Coconutgroves is correct, but they will eat. They are a lot like goats. A small crab placed closed and barely moved got interest most of the time and a few eats. However, My experience with them is in Mexico. I'm sure the species in CI are different.

If you do want to target Triggers, make sure you have strong hooks.


----------



## coconutgroves (Sep 23, 2013)

I've caught them before, but also have spent a hours trying to get them to eat. Unless there are no other fish around, I would pass on them. They are picky, spooky, and when not eating there are a waste of time.

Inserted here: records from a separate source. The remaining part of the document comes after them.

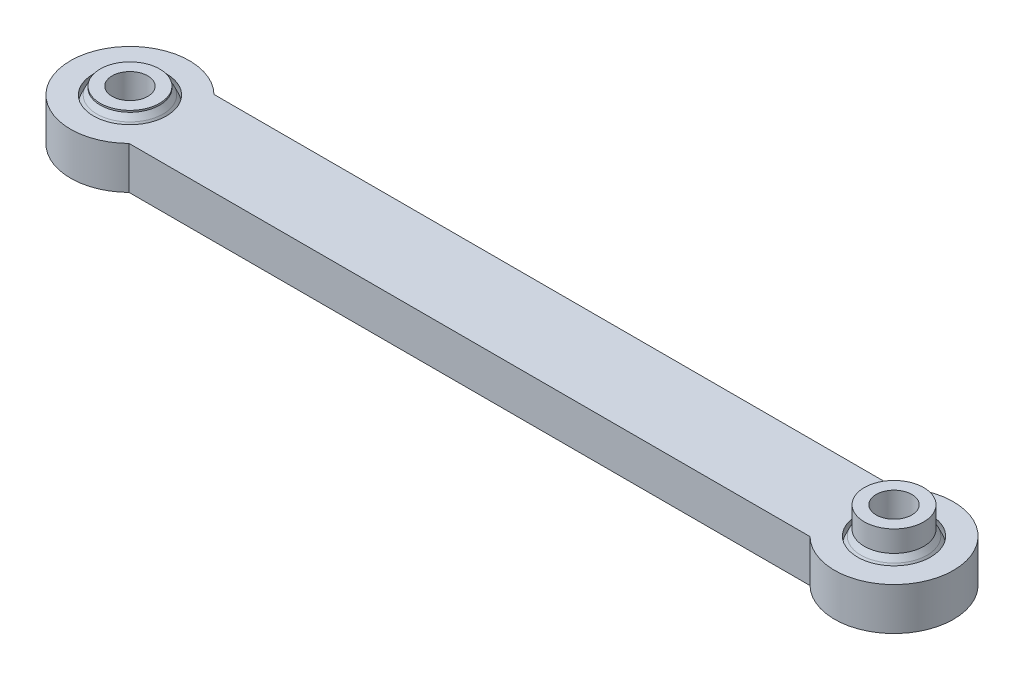
ISO-10303-21;
HEADER;
FILE_DESCRIPTION(('STEP AP214'),'2;1');
FILE_NAME('part.step','',(''),(''),'','','');
FILE_SCHEMA(('AUTOMOTIVE_DESIGN { 1 0 10303 214 1 1 1 1 }'));
ENDSEC;
DATA;
#1=APPLICATION_CONTEXT('core data for automotive mechanical design processes');
#2=APPLICATION_PROTOCOL_DEFINITION('international standard','automotive_design',2000,#1);
#3=PRODUCT_CONTEXT('',#1,'mechanical');
#4=PRODUCT('Part','Part','',(#3));
#5=PRODUCT_RELATED_PRODUCT_CATEGORY('part','',(#4));
#6=PRODUCT_DEFINITION_FORMATION('','',#4);
#7=PRODUCT_DEFINITION_CONTEXT('part definition',#1,'design');
#8=PRODUCT_DEFINITION('design','',#6,#7);
#9=PRODUCT_DEFINITION_SHAPE('','',#8);
#10=(LENGTH_UNIT() NAMED_UNIT(*) SI_UNIT(.MILLI.,.METRE.));
#11=(NAMED_UNIT(*) PLANE_ANGLE_UNIT() SI_UNIT($,.RADIAN.));
#12=(NAMED_UNIT(*) SI_UNIT($,.STERADIAN.) SOLID_ANGLE_UNIT());
#13=UNCERTAINTY_MEASURE_WITH_UNIT(LENGTH_MEASURE(1.E-05),#10,'distance_accuracy_value','');
#14=(GEOMETRIC_REPRESENTATION_CONTEXT(3) GLOBAL_UNCERTAINTY_ASSIGNED_CONTEXT((#13)) GLOBAL_UNIT_ASSIGNED_CONTEXT((#10,
#11,#12)) REPRESENTATION_CONTEXT('',''));
#15=CARTESIAN_POINT('',(0.,0.,0.));
#16=DIRECTION('',(0.,0.,1.));
#17=DIRECTION('',(1.,0.,0.));
#18=AXIS2_PLACEMENT_3D('',#15,#16,#17);
#19=CARTESIAN_POINT('',(45.,15.3455054986758,0.));
#20=DIRECTION('',(0.,1.,0.));
#21=DIRECTION('',(0.,0.,1.));
#22=AXIS2_PLACEMENT_3D('',#19,#20,#21);
#23=DEGENERATE_TOROIDAL_SURFACE('',#22,21.8682582480136,22.0876733945389,.T.);
#24=CARTESIAN_POINT('',(45.,2.5,0.));
#25=DIRECTION('',(0.,1.,0.));
#26=DIRECTION('',(0.,0.,1.));
#27=AXIS2_PLACEMENT_3D('',#24,#25,#26);
#28=CIRCLE('',#27,3.9);
#29=CARTESIAN_POINT('',(45.,2.5,3.9));
#30=VERTEX_POINT('',#29);
#31=EDGE_CURVE('E57',#30,#30,#28,.T.);
#32=ORIENTED_EDGE('',*,*,#31,.T.);
#33=EDGE_LOOP('',(#32));
#34=FACE_BOUND('',#33,.T.);
#35=CARTESIAN_POINT('',(45.,3.19999999999999,0.));
#36=DIRECTION('',(0.,-1.,0.));
#37=DIRECTION('',(0.,0.,-1.));
#38=AXIS2_PLACEMENT_3D('',#35,#36,#37);
#39=CIRCLE('',#38,3.41962653274933);
#40=CARTESIAN_POINT('',(45.,3.19999999999999,-3.41962653274933));
#41=VERTEX_POINT('',#40);
#42=EDGE_CURVE('E69',#41,#41,#39,.T.);
#43=ORIENTED_EDGE('',*,*,#42,.T.);
#44=EDGE_LOOP('',(#43));
#45=FACE_BOUND('',#44,.T.);
#46=ADVANCED_FACE('F47',(#34,#45),#23,.F.);
#47=CARTESIAN_POINT('',(45.,0.243502063584502,0.));
#48=DIRECTION('',(0.,1.,0.));
#49=DIRECTION('',(0.,0.,1.));
#50=AXIS2_PLACEMENT_3D('',#47,#48,#49);
#51=DEGENERATE_TOROIDAL_SURFACE('',#50,0.0062585982687352,4.50033388101411,.T.);
#52=CARTESIAN_POINT('',(45.,0.,0.));
#53=DIRECTION('',(0.,1.,0.));
#54=DIRECTION('',(0.,0.,1.));
#55=AXIS2_PLACEMENT_3D('',#52,#53,#54);
#56=CIRCLE('',#55,4.5);
#57=CARTESIAN_POINT('',(45.,0.,4.5));
#58=VERTEX_POINT('',#57);
#59=EDGE_CURVE('E53',#58,#58,#56,.T.);
#60=ORIENTED_EDGE('',*,*,#59,.T.);
#61=EDGE_LOOP('',(#60));
#62=FACE_BOUND('',#61,.T.);
#63=ORIENTED_EDGE('',*,*,#31,.F.);
#64=EDGE_LOOP('',(#63));
#65=FACE_BOUND('',#64,.T.);
#66=ADVANCED_FACE('F93',(#62,#65),#51,.T.);
#67=CARTESIAN_POINT('',(45.,-0.243502063584458,0.));
#68=DIRECTION('',(0.,1.,0.));
#69=DIRECTION('',(0.,0.,1.));
#70=AXIS2_PLACEMENT_3D('',#67,#68,#69);
#71=DEGENERATE_TOROIDAL_SURFACE('',#70,0.00625859826854092,4.50033388101431,.T.);
#72=CARTESIAN_POINT('',(45.,-2.5,0.));
#73=DIRECTION('',(0.,1.,0.));
#74=DIRECTION('',(0.,0.,1.));
#75=AXIS2_PLACEMENT_3D('',#72,#73,#74);
#76=CIRCLE('',#75,3.9);
#77=CARTESIAN_POINT('',(45.,-2.5,3.9));
#78=VERTEX_POINT('',#77);
#79=EDGE_CURVE('E11',#78,#78,#76,.T.);
#80=ORIENTED_EDGE('',*,*,#79,.T.);
#81=EDGE_LOOP('',(#80));
#82=FACE_BOUND('',#81,.T.);
#83=ORIENTED_EDGE('',*,*,#59,.F.);
#84=EDGE_LOOP('',(#83));
#85=FACE_BOUND('',#84,.T.);
#86=ADVANCED_FACE('F99',(#82,#85),#71,.T.);
#87=CARTESIAN_POINT('',(0.,-2.5,0.));
#88=DIRECTION('',(0.,1.,0.));
#89=DIRECTION('',(0.,0.,1.));
#90=AXIS2_PLACEMENT_3D('',#87,#88,#89);
#91=PLANE('',#90);
#92=CARTESIAN_POINT('',(45.,-2.5,0.));
#93=DIRECTION('',(0.,1.,0.));
#94=DIRECTION('',(0.,0.,1.));
#95=AXIS2_PLACEMENT_3D('',#92,#93,#94);
#96=CIRCLE('',#95,2.1);
#97=CARTESIAN_POINT('',(45.,-2.5,2.1));
#98=VERTEX_POINT('',#97);
#99=EDGE_CURVE('E61',#98,#98,#96,.T.);
#100=ORIENTED_EDGE('',*,*,#99,.T.);
#101=EDGE_LOOP('',(#100));
#102=FACE_BOUND('',#101,.T.);
#103=ORIENTED_EDGE('',*,*,#79,.F.);
#104=EDGE_LOOP('',(#103));
#105=FACE_BOUND('',#104,.T.);
#106=ADVANCED_FACE('F103',(#102,#105),#91,.F.);
#107=CARTESIAN_POINT('',(0.,5.69999999999999,0.));
#108=DIRECTION('',(0.,1.,0.));
#109=DIRECTION('',(0.,0.,1.));
#110=AXIS2_PLACEMENT_3D('',#107,#108,#109);
#111=PLANE('',#110);
#112=CARTESIAN_POINT('',(45.,5.69999999999999,0.));
#113=DIRECTION('',(0.,1.,0.));
#114=DIRECTION('',(0.,0.,1.));
#115=AXIS2_PLACEMENT_3D('',#112,#113,#114);
#116=CIRCLE('',#115,2.1);
#117=CARTESIAN_POINT('',(45.,5.69999999999999,2.1));
#118=VERTEX_POINT('',#117);
#119=EDGE_CURVE('E66',#118,#118,#116,.T.);
#120=ORIENTED_EDGE('',*,*,#119,.F.);
#121=EDGE_LOOP('',(#120));
#122=FACE_BOUND('',#121,.T.);
#123=CARTESIAN_POINT('',(45.,5.69999999999999,0.));
#124=DIRECTION('',(0.,1.,0.));
#125=DIRECTION('',(0.,0.,1.));
#126=AXIS2_PLACEMENT_3D('',#123,#124,#125);
#127=CIRCLE('',#126,3.5);
#128=CARTESIAN_POINT('',(45.,5.69999999999999,3.5));
#129=VERTEX_POINT('',#128);
#130=EDGE_CURVE('E73',#129,#129,#127,.T.);
#131=ORIENTED_EDGE('',*,*,#130,.T.);
#132=EDGE_LOOP('',(#131));
#133=FACE_BOUND('',#132,.T.);
#134=ADVANCED_FACE('F95',(#122,#133),#111,.T.);
#135=CARTESIAN_POINT('',(45.,-5.3,0.));
#136=DIRECTION('',(0.,1.,0.));
#137=DIRECTION('',(0.,0.,1.));
#138=AXIS2_PLACEMENT_3D('',#135,#136,#137);
#139=CYLINDRICAL_SURFACE('',#138,2.1);
#140=ORIENTED_EDGE('',*,*,#119,.T.);
#141=EDGE_LOOP('',(#140));
#142=FACE_BOUND('',#141,.T.);
#143=ORIENTED_EDGE('',*,*,#99,.F.);
#144=EDGE_LOOP('',(#143));
#145=FACE_BOUND('',#144,.T.);
#146=ADVANCED_FACE('F89',(#142,#145),#139,.F.);
#147=CARTESIAN_POINT('',(45.,3.19999999999999,0.));
#148=DIRECTION('',(0.,1.,0.));
#149=DIRECTION('',(0.,0.,1.));
#150=AXIS2_PLACEMENT_3D('',#147,#148,#149);
#151=CYLINDRICAL_SURFACE('',#150,3.5);
#152=CARTESIAN_POINT('',(45.,3.19999999999999,0.));
#153=DIRECTION('',(0.,1.,0.));
#154=DIRECTION('',(0.,0.,1.));
#155=AXIS2_PLACEMENT_3D('',#152,#153,#154);
#156=CIRCLE('',#155,3.5);
#157=CARTESIAN_POINT('',(45.,3.19999999999999,3.5));
#158=VERTEX_POINT('',#157);
#159=EDGE_CURVE('E72',#158,#158,#156,.T.);
#160=ORIENTED_EDGE('',*,*,#159,.T.);
#161=EDGE_LOOP('',(#160));
#162=FACE_BOUND('',#161,.T.);
#163=ORIENTED_EDGE('',*,*,#130,.F.);
#164=EDGE_LOOP('',(#163));
#165=FACE_BOUND('',#164,.T.);
#166=ADVANCED_FACE('F79',(#162,#165),#151,.T.);
#167=CARTESIAN_POINT('',(45.,3.19999999999999,0.));
#168=DIRECTION('',(0.,1.,0.));
#169=DIRECTION('',(0.,0.,1.));
#170=AXIS2_PLACEMENT_3D('',#167,#168,#169);
#171=PLANE('',#170);
#172=ORIENTED_EDGE('',*,*,#42,.F.);
#173=EDGE_LOOP('',(#172));
#174=FACE_BOUND('',#173,.T.);
#175=ORIENTED_EDGE('',*,*,#159,.F.);
#176=EDGE_LOOP('',(#175));
#177=FACE_BOUND('',#176,.T.);
#178=ADVANCED_FACE('F82',(#174,#177),#171,.F.);
#179=CLOSED_SHELL('',(#46,#66,#86,#106,#134,#146,#166,#178));
#180=MANIFOLD_SOLID_BREP('B2',#179);
#181=CARTESIAN_POINT('',(-45.,-5.3,0.));
#182=DIRECTION('',(0.,1.,0.));
#183=DIRECTION('',(0.,0.,1.));
#184=AXIS2_PLACEMENT_3D('',#181,#182,#183);
#185=CYLINDRICAL_SURFACE('',#184,2.1);
#186=CARTESIAN_POINT('',(-45.,-2.5,0.));
#187=DIRECTION('',(0.,-1.,0.));
#188=DIRECTION('',(0.,0.,-1.));
#189=AXIS2_PLACEMENT_3D('',#186,#187,#188);
#190=CIRCLE('',#189,2.1);
#191=CARTESIAN_POINT('',(-45.,-2.5,-2.1));
#192=VERTEX_POINT('',#191);
#193=EDGE_CURVE('E211',#192,#192,#190,.T.);
#194=ORIENTED_EDGE('',*,*,#193,.T.);
#195=EDGE_LOOP('',(#194));
#196=FACE_BOUND('',#195,.T.);
#197=CARTESIAN_POINT('',(-45.,3.4,0.));
#198=DIRECTION('',(0.,1.,0.));
#199=DIRECTION('',(0.,0.,1.));
#200=AXIS2_PLACEMENT_3D('',#197,#198,#199);
#201=CIRCLE('',#200,2.1);
#202=CARTESIAN_POINT('',(-45.,3.4,2.1));
#203=VERTEX_POINT('',#202);
#204=EDGE_CURVE('E223',#203,#203,#201,.F.);
#205=ORIENTED_EDGE('',*,*,#204,.F.);
#206=EDGE_LOOP('',(#205));
#207=FACE_BOUND('',#206,.T.);
#208=ADVANCED_FACE('F195',(#196,#207),#185,.F.);
#209=CARTESIAN_POINT('',(-45.,3.19999999999999,0.));
#210=DIRECTION('',(0.,1.,0.));
#211=DIRECTION('',(0.,0.,1.));
#212=AXIS2_PLACEMENT_3D('',#209,#210,#211);
#213=CYLINDRICAL_SURFACE('',#212,3.5);
#214=CARTESIAN_POINT('',(-45.,3.19999999999999,0.));
#215=DIRECTION('',(0.,1.,0.));
#216=DIRECTION('',(0.,0.,1.));
#217=AXIS2_PLACEMENT_3D('',#214,#215,#216);
#218=CIRCLE('',#217,3.5);
#219=CARTESIAN_POINT('',(-45.,3.19999999999999,3.5));
#220=VERTEX_POINT('',#219);
#221=EDGE_CURVE('E218',#220,#220,#218,.T.);
#222=ORIENTED_EDGE('',*,*,#221,.T.);
#223=EDGE_LOOP('',(#222));
#224=FACE_BOUND('',#223,.T.);
#225=CARTESIAN_POINT('',(-45.,3.4,0.));
#226=DIRECTION('',(0.,1.,0.));
#227=DIRECTION('',(0.,0.,1.));
#228=AXIS2_PLACEMENT_3D('',#225,#226,#227);
#229=CIRCLE('',#228,3.5);
#230=CARTESIAN_POINT('',(-45.,3.4,3.5));
#231=VERTEX_POINT('',#230);
#232=EDGE_CURVE('E199',#231,#231,#229,.F.);
#233=ORIENTED_EDGE('',*,*,#232,.T.);
#234=EDGE_LOOP('',(#233));
#235=FACE_BOUND('',#234,.T.);
#236=ADVANCED_FACE('F232',(#224,#235),#213,.T.);
#237=CARTESIAN_POINT('',(-45.,15.3455054986679,0.));
#238=DIRECTION('',(0.,-1.,0.));
#239=DIRECTION('',(0.,0.,-1.));
#240=AXIS2_PLACEMENT_3D('',#237,#238,#239);
#241=DEGENERATE_TOROIDAL_SURFACE('',#240,21.8682582480017,22.0876733945246,.T.);
#242=CARTESIAN_POINT('',(-45.,2.5,0.));
#243=DIRECTION('',(0.,-1.,0.));
#244=DIRECTION('',(0.,0.,-1.));
#245=AXIS2_PLACEMENT_3D('',#242,#243,#244);
#246=CIRCLE('',#245,3.9);
#247=CARTESIAN_POINT('',(-45.,2.5,-3.9));
#248=VERTEX_POINT('',#247);
#249=EDGE_CURVE('E46',#248,#248,#246,.T.);
#250=ORIENTED_EDGE('',*,*,#249,.F.);
#251=EDGE_LOOP('',(#250));
#252=FACE_BOUND('',#251,.T.);
#253=CARTESIAN_POINT('',(-45.,3.19999999999999,0.));
#254=DIRECTION('',(0.,-1.,0.));
#255=DIRECTION('',(0.,0.,-1.));
#256=AXIS2_PLACEMENT_3D('',#253,#254,#255);
#257=CIRCLE('',#256,3.41962653274932);
#258=CARTESIAN_POINT('',(-45.,3.19999999999999,-3.41962653274932));
#259=VERTEX_POINT('',#258);
#260=EDGE_CURVE('E213',#259,#259,#257,.T.);
#261=ORIENTED_EDGE('',*,*,#260,.T.);
#262=EDGE_LOOP('',(#261));
#263=FACE_BOUND('',#262,.T.);
#264=ADVANCED_FACE('F197',(#252,#263),#241,.F.);
#265=CARTESIAN_POINT('',(-45.,-0.243502063584499,0.));
#266=DIRECTION('',(0.,-1.,0.));
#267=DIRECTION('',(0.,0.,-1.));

I'd spend the time on GTs or monster bones. Those fish crush it, trigger fishing is like permit fishing. Slow, quiet, but not as rewarding as catching permit.


----------



## bonehead (Dec 9, 2016)

Huh, didn't realize they were that tricky... never chased them but always wanted to

Anyways, GT are high on the bucket list as well.


----------



## ifsteve (Jul 1, 2010)

When you get to Christmas Island, if you guide offers to chum or bait and switch a GT in for you please politely refuse. After many conversations about CI with guys who have been a lot and several travel outfitters I won't even go there for a GT.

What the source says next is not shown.